‘They might enjoy it.’
‘So would I, but I’d lose me job.’
Sometimes I’d go to the Trades Fair on my own, sometimes with a mate, and sometimes with Mum and Dad, though progress with them tended to be rather slow, and they’d stop and look at things that bored me rigid, like bedroom furniture and three-piece suites in uncut moquette, whatever that was, from Darbysons of Burley.

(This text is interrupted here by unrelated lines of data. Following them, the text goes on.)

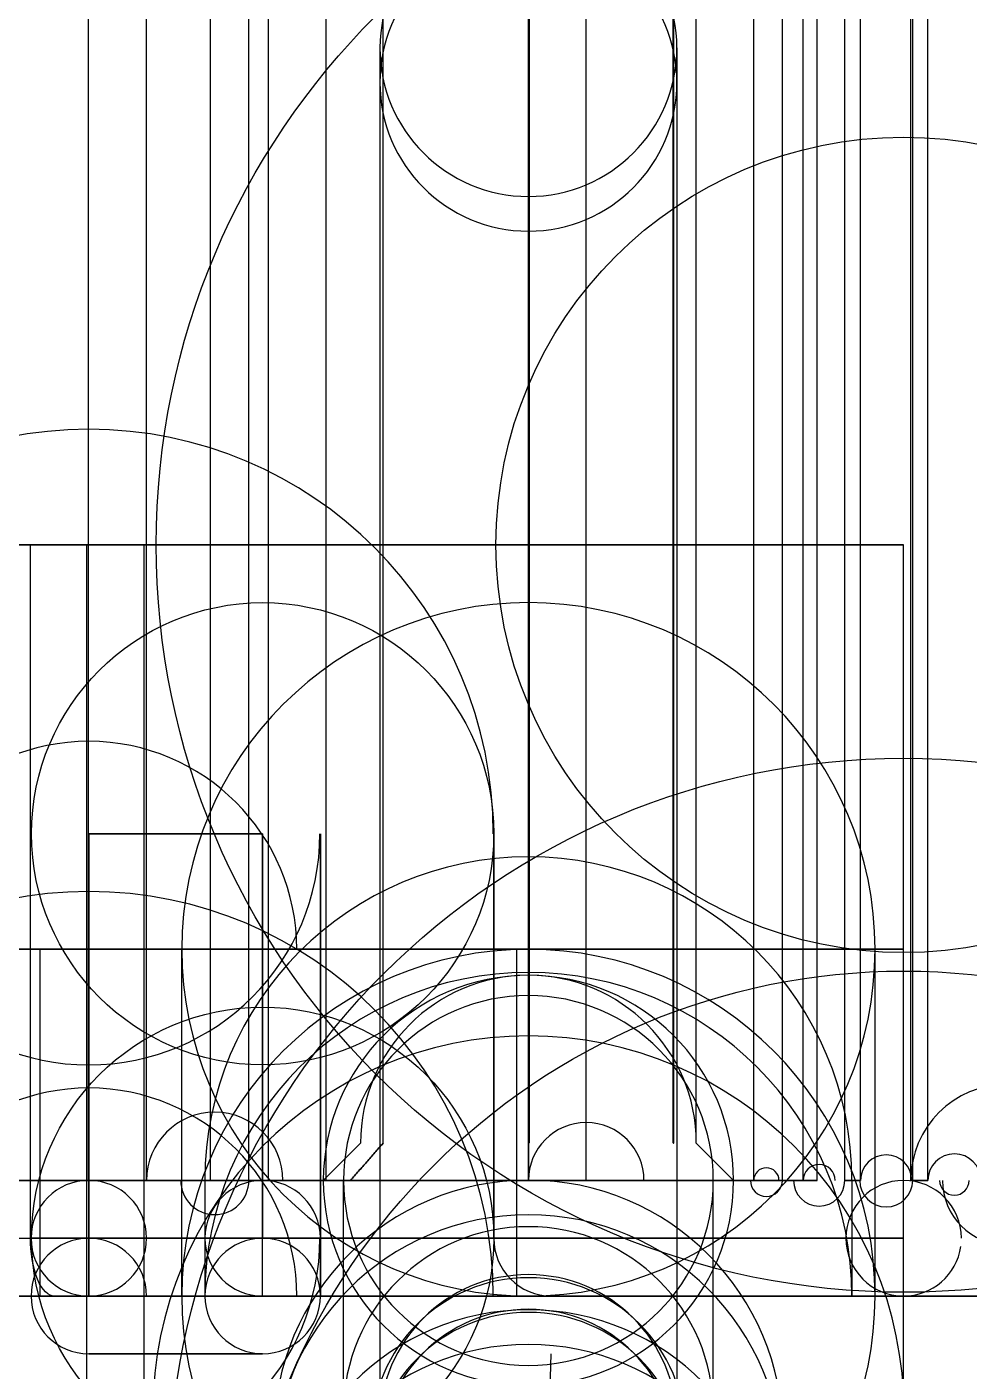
# Model space of a CAD drawing. Extents: x -93 to 93, y -188 to 102.
# Drawn here: x 73.16 to 81.31, y -104.65 to -93.02 of the extents above; entities that cross this region are included whole.
import ezdxf

# ---------------------------------------------------------------- set-up
doc = ezdxf.new("R2010")
doc.units = 0
doc.layers.add('Cut', color=7, linetype='CONTINUOUS')

msp = doc.modelspace()

# ---------------------------------------------------------------- linework, layer by layer
at = {"layer": 'Cut'}
for p, q in [((73.6935, -103, -26.2481), (73.6935, 17, -26.2481)), ((73.6935, -103, -26.2481), (73.6935, 17, -26.2481)), ((74.1935, -103, -26.7481), (74.1935, 17, -26.7481)), ((74.1935, -103, -26.7481), (74.1935, 17, -26.7481)), ((74.1954, -103, -22.5481), (74.1954, 17, -22.5481)), ((74.1954, -103, -22.5481), (74.1954, 17, -22.5481)), ((74.1954, -103, -21.1359), (74.1954, 17, -21.1359)), ((74.1954, -103, -21.1359), (74.1954, 17, -21.1359)), ((74.1954, -103, 21.1397), (74.1954, 17, 21.1397)), ((74.1954, -103, 21.1397), (74.1954, 17, 21.1397)), ((74.1954, -103, 22.5519), (74.1954, 17, 22.5519)), ((74.1954, -103, 22.5519), (74.1954, 17, 22.5519)), ((74.7491, -103, 26.7519), (74.7491, 17, 26.7519)), ((74.7491, -103, 26.7519), (74.7491, 17, 26.7519)), ((75.0805, -103, -20.6249), (75.0805, 17, -20.6249)), ((75.0805, -103, -20.6249), (75.0805, 17, -20.6249)), ((75.0805, -103, 20.6287), (75.0805, 17, 20.6287)), ((75.0805, -103, 20.6287), (75.0805, 17, 20.6287)), ((75.2491, -103, 26.2519), (75.2491, 17, 26.2519)), ((75.2491, -103, 26.2519), (75.2491, 17, 26.2519)), ((75.7491, -103, 26.7519), (75.7491, 17, 26.7519)), ((75.7491, -103, 26.7519), (75.7491, 17, 26.7519)), ((77.4999, -103, -17.3462), (77.4999, 17, -17.3462)), ((77.4999, -103, -17.3462), (77.4999, 17, -17.3462)), ((77.4999, -103, 17.35), (77.4999, 17, 17.35)), ((77.4999, -103, 17.35), (77.4999, 17, 17.35)), ((77.9999, -103, -16.8462), (77.9999, 17, -16.8462)), ((77.9999, -103, -16.8462), (77.9999, 17, -16.8462)), ((77.9999, -103, -15.1462), (77.9999, 17, -15.1462)), ((77.9999, -103, -15.1462), (77.9999, 17, -15.1462)), ((77.9999, -103, -13.6462), (77.9999, 17, -13.6462)), ((77.9999, -103, -13.6462), (77.9999, 17, -13.6462)), ((77.9999, -103, -11.9462), (77.9999, 17, -11.9462)), ((77.9999, -103, -11.9462), (77.9999, 17, -11.9462)), ((77.9999, -103, -10.4462), (77.9999, 17, -10.4462)), ((77.9999, -103, -10.4462), (77.9999, 17, -10.4462)), ((77.9999, -103, -8.74621), (77.9999, 17, -8.74621)), ((77.9999, -103, -8.74621), (77.9999, 17, -8.74621)), ((77.9999, -103, -7.24621), (77.9999, 17, -7.24621)), ((77.9999, -103, -7.24621), (77.9999, 17, -7.24621)), ((77.9999, -103, -5.54621), (77.9999, 17, -5.54621)), ((77.9999, -103, -5.54621), (77.9999, 17, -5.54621)), ((77.9999, -103, -4.04621), (77.9999, 17, -4.04621)), ((77.9999, -103, -4.04621), (77.9999, 17, -4.04621)), ((77.9999, -103, -2.34621), (77.9999, 17, -2.34621)), ((77.9999, -103, -2.34621), (77.9999, 17, -2.34621)), ((77.9999, -103, -0.846212), (77.9999, 17, -0.846212)), ((77.9999, -103, -0.846212), (77.9999, 17, -0.846212)), ((77.9999, -103, 0.85), (77.9999, 17, 0.85)), ((77.9999, -103, 0.85), (77.9999, 17, 0.85)), ((77.9999, -103, 2.35), (77.9999, 17, 2.35)), ((77.9999, -103, 2.35), (77.9999, 17, 2.35)), ((77.9999, -103, 4.05), (77.9999, 17, 4.05)), ((77.9999, -103, 4.05), (77.9999, 17, 4.05)), ((77.9999, -103, 5.55), (77.9999, 17, 5.55)), ((77.9999, -103, 5.55), (77.9999, 17, 5.55)), ((77.9999, -103, 7.25), (77.9999, 17, 7.25)), ((77.9999, -103, 7.25), (77.9999, 17, 7.25)), ((77.9999, -103, 8.75), (77.9999, 17, 8.75)), ((77.9999, -103, 8.75), (77.9999, 17, 8.75)), ((77.9999, -103, 10.45), (77.9999, 17, 10.45)), ((77.9999, -103, 10.45), (77.9999, 17, 10.45)), ((77.9999, -103, 11.95), (77.9999, 17, 11.95)), ((77.9999, -103, 11.95), (77.9999, 17, 11.95)), ((77.9999, -103, 13.65), (77.9999, 17, 13.65)), ((77.9999, -103, 13.65), (77.9999, 17, 13.65)), ((77.9999, -103, 15.15), (77.9999, 17, 15.15)), ((77.9999, -103, 15.15), (77.9999, 17, 15.15)), ((77.9999, -103, 16.85), (77.9999, 17, 16.85)), ((77.9999, -103, 16.85), (77.9999, 17, 16.85)), ((79.4499, -103, -26.7481), (79.4499, 17, -26.7481)), ((79.4499, -103, -26.7481), (79.4499, 17, -26.7481)), ((79.4499, -103, 26.7519), (79.4499, 17, 26.7519)), ((79.4499, -103, 26.7519), (79.4499, 17, 26.7519)), ((79.6974, -103, -26.735), (79.6974, 17, -26.735)), ((79.6974, -103, -26.735), (79.6974, 17, -26.735)), ((79.6974, -103, 26.7388), (79.6974, 17, 26.7388)), ((79.6974, -103, 26.7388), (79.6974, 17, 26.7388)), ((79.8778, -103, -26.6414), (79.8778, 17, -26.6414)), ((79.8778, -103, -26.6414), (79.8778, 17, -26.6414)), ((79.8778, -103, 26.6451), (79.8778, 17, 26.6451)), ((79.8778, -103, 26.6451), (79.8778, 17, 26.6451)), ((79.9999, -103, -16.8462), (79.9999, 17, -16.8462)), ((79.9999, -103, -16.8462), (79.9999, 17, -16.8462)), ((79.9999, -103, -15.1462), (79.9999, 17, -15.1462)), ((79.9999, -103, -15.1462), (79.9999, 17, -15.1462)), ((79.9999, -103, -13.6462), (79.9999, 17, -13.6462)), ((79.9999, -103, -13.6462), (79.9999, 17, -13.6462)), ((79.9999, -103, -11.9462), (79.9999, 17, -11.9462)), ((79.9999, -103, -11.9462), (79.9999, 17, -11.9462)), ((79.9999, -103, -10.4462), (79.9999, 17, -10.4462)), ((79.9999, -103, -10.4462), (79.9999, 17, -10.4462)), ((79.9999, -103, -8.74621), (79.9999, 17, -8.74621)), ((79.9999, -103, -8.74621), (79.9999, 17, -8.74621)), ((79.9999, -103, -7.24621), (79.9999, 17, -7.24621)), ((79.9999, -103, -7.24621), (79.9999, 17, -7.24621)), ((79.9999, -103, -5.54621), (79.9999, 17, -5.54621)), ((79.9999, -103, -5.54621), (79.9999, 17, -5.54621)), ((79.9999, -103, -4.04621), (79.9999, 17, -4.04621)), ((79.9999, -103, -4.04621), (79.9999, 17, -4.04621)), ((79.9999, -103, -2.34621), (79.9999, 17, -2.34621)), ((79.9999, -103, -2.34621), (79.9999, 17, -2.34621)), ((79.9999, -103, -0.846212), (79.9999, 17, -0.846212)), ((79.9999, -103, -0.846212), (79.9999, 17, -0.846212)), ((79.9999, -103, 0.85), (79.9999, 17, 0.85)), ((79.9999, -103, 0.85), (79.9999, 17, 0.85)), ((79.9999, -103, 2.35), (79.9999, 17, 2.35)), ((79.9999, -103, 2.35), (79.9999, 17, 2.35)), ((79.9999, -103, 4.05), (79.9999, 17, 4.05)), ((79.9999, -103, 4.05), (79.9999, 17, 4.05)), ((79.9999, -103, 5.55), (79.9999, 17, 5.55)), ((79.9999, -103, 5.55), (79.9999, 17, 5.55)), ((79.9999, -103, 7.25), (79.9999, 17, 7.25)), ((79.9999, -103, 7.25), (79.9999, 17, 7.25)), ((79.9999, -103, 8.75), (79.9999, 17, 8.75)), ((79.9999, -103, 8.75), (79.9999, 17, 8.75)), ((79.9999, -103, 10.45), (79.9999, 17, 10.45)), ((79.9999, -103, 10.45), (79.9999, 17, 10.45)), ((79.9999, -103, 11.95), (79.9999, 17, 11.95)), ((79.9999, -103, 11.95), (79.9999, 17, 11.95)), ((79.9999, -103, 13.65), (79.9999, 17, 13.65)), ((79.9999, -103, 13.65), (79.9999, 17, 13.65)), ((79.9999, -103, 15.15), (79.9999, 17, 15.15)), ((79.9999, -103, 15.15), (79.9999, 17, 15.15)), ((79.9999, -103, 16.85), (79.9999, 17, 16.85)), ((79.9999, -103, 16.85), (79.9999, 17, 16.85)), ((80.2377, -103, -26.7055), (80.2377, 17, -26.7055)), ((80.2377, -103, -26.7055), (80.2377, 17, -26.7055)), ((80.2377, -103, 26.7093), (80.2377, 17, 26.7093)), ((80.2377, -103, 26.7093), (80.2377, 17, 26.7093)), ((80.3746, -103, -26.8557), (80.3746, 17, -26.8557)), ((80.3746, -103, -26.8557), (80.3746, 17, -26.8557)), ((80.3746, -103, 26.8595), (80.3746, 17, 26.8595)), ((80.3746, -103, 26.8595), (80.3746, 17, 26.8595)), ((80.8088, -103, 22.3638), (80.8088, 17, 22.3638)), ((80.8088, -103, -22.36), (80.8088, 17, -22.36)), ((80.8088, -103, -22.36), (80.8088, 17, -22.36)), ((80.8088, -103, 22.3638), (80.8088, 17, 22.3638)), ((80.8259, -103, -26.8468), (80.8259, 17, -26.8468)), ((80.8259, -103, -26.8468), (80.8259, 17, -26.8468)), ((80.8259, -103, 26.8505), (80.8259, 17, 26.8505)), ((80.8259, -103, 26.8505), (80.8259, 17, 26.8505)), ((80.9567, -103, -26.6913), (80.9567, 17, -26.6913)), ((80.9567, -103, -26.6913), (80.9567, 17, -26.6913)), ((80.9567, -103, 26.695), (80.9567, 17, 26.695)), ((80.9567, -103, 26.695), (80.9567, 17, 26.695)), ((76.2416, -102.678, -21.2716), (76.2416, 16.678, -21.2716)), ((76.2416, -102.678, -21.2716), (76.2416, 16.678, -21.2716)), ((76.2416, -102.678, 21.2754), (76.2416, 16.678, 21.2754)), ((76.2416, -102.678, 21.2754), (76.2416, 16.678, 21.2754)), ((77.4999, -102.678, 20.5489), (77.4999, 16.678, 20.5489)), ((77.4999, -102.678, -23.4511), (77.4999, 16.678, -23.4511)), ((77.4999, -102.678, -23.4511), (77.4999, 16.678, -23.4511)), ((77.4999, -102.678, -20.5451), (77.4999, 16.678, -20.5451)), ((77.4999, -102.678, -20.5451), (77.4999, 16.678, -20.5451)), ((77.4999, -102.678, 20.5489), (77.4999, 16.678, 20.5489)), ((77.4999, -102.678, 23.4549), (77.4999, 16.678, 23.4549)), ((77.4999, -102.678, 23.4549), (77.4999, 16.678, 23.4549)), ((78.7583, -102.678, -22.7246), (78.7583, 16.678, -22.7246)), ((78.7583, -102.678, -22.7246), (78.7583, 16.678, -22.7246)), ((78.7583, -102.678, 22.7284), (78.7583, 16.678, 22.7284)), ((78.7583, -102.678, 22.7284), (78.7583, 16.678, 22.7284)), ((78.953, -102.678, 22.0019), (78.953, 16.678, 22.0019)), ((78.953, -102.678, -21.9981), (78.953, 16.678, -21.9981)), ((78.953, -102.678, -21.9981), (78.953, 16.678, -21.9981)), ((78.953, -102.678, 22.0019), (78.953, 16.678, 22.0019)), ((77.5052, -89.2, -23.4481), (77.5052, -102.675, -23.4481)), ((77.5052, -102.675, 23.4519), (77.5052, -89.2, 23.4519)), ((77.5052, -102.675, 23.4519), (77.5052, -89.2, 23.4519)), ((77.5052, -89.2, -23.4481), (77.5052, -102.675, -23.4481)), ((78.753, -102.675, -22.7277), (78.753, -89.2, -22.7277)), ((78.753, -89.2, 22.7315), (78.753, -102.675, 22.7315)), ((78.753, -89.2, 22.7315), (78.753, -102.675, 22.7315)), ((78.753, -102.675, -22.7277), (78.753, -89.2, -22.7277)), ((76.2151, -93.2, 20.8119), (76.2151, -105.1, 20.8119)), ((76.2151, -93.2, 20.8119), (76.2151, -105.1, 20.8119)), ((78.7849, -93.2, 23.1881), (78.7849, -105.1, 23.1881)), ((78.7849, -93.2, 23.1881), (78.7849, -105.1, 23.1881)), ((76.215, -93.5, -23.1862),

I don’t recall Mum and Dad ever buying anything from the Trades Fair, except the records, but it gave them ideas. Mum would scrutinise the new washing machines, and Dad would talk knowledgeably to the proprietor, and the following day she’d be in the library looking up Which? to see what they recommended.
Her curiosity satisfied and her sense of values placated, we’d go home again and wait until Mrs Woodrup dropped off her fat mail-order catalogue. If the item was small – a record player or a wireless – we’d get it from her with monthly payments, though even these small ventures into HP frightened my mum. She’d far rather pay for everything when she had it, rather than get it on the never-never. To her the phrase ‘Frees you from pre-set spending limits’ was another way of saying ‘Allows you to live beyond your means’.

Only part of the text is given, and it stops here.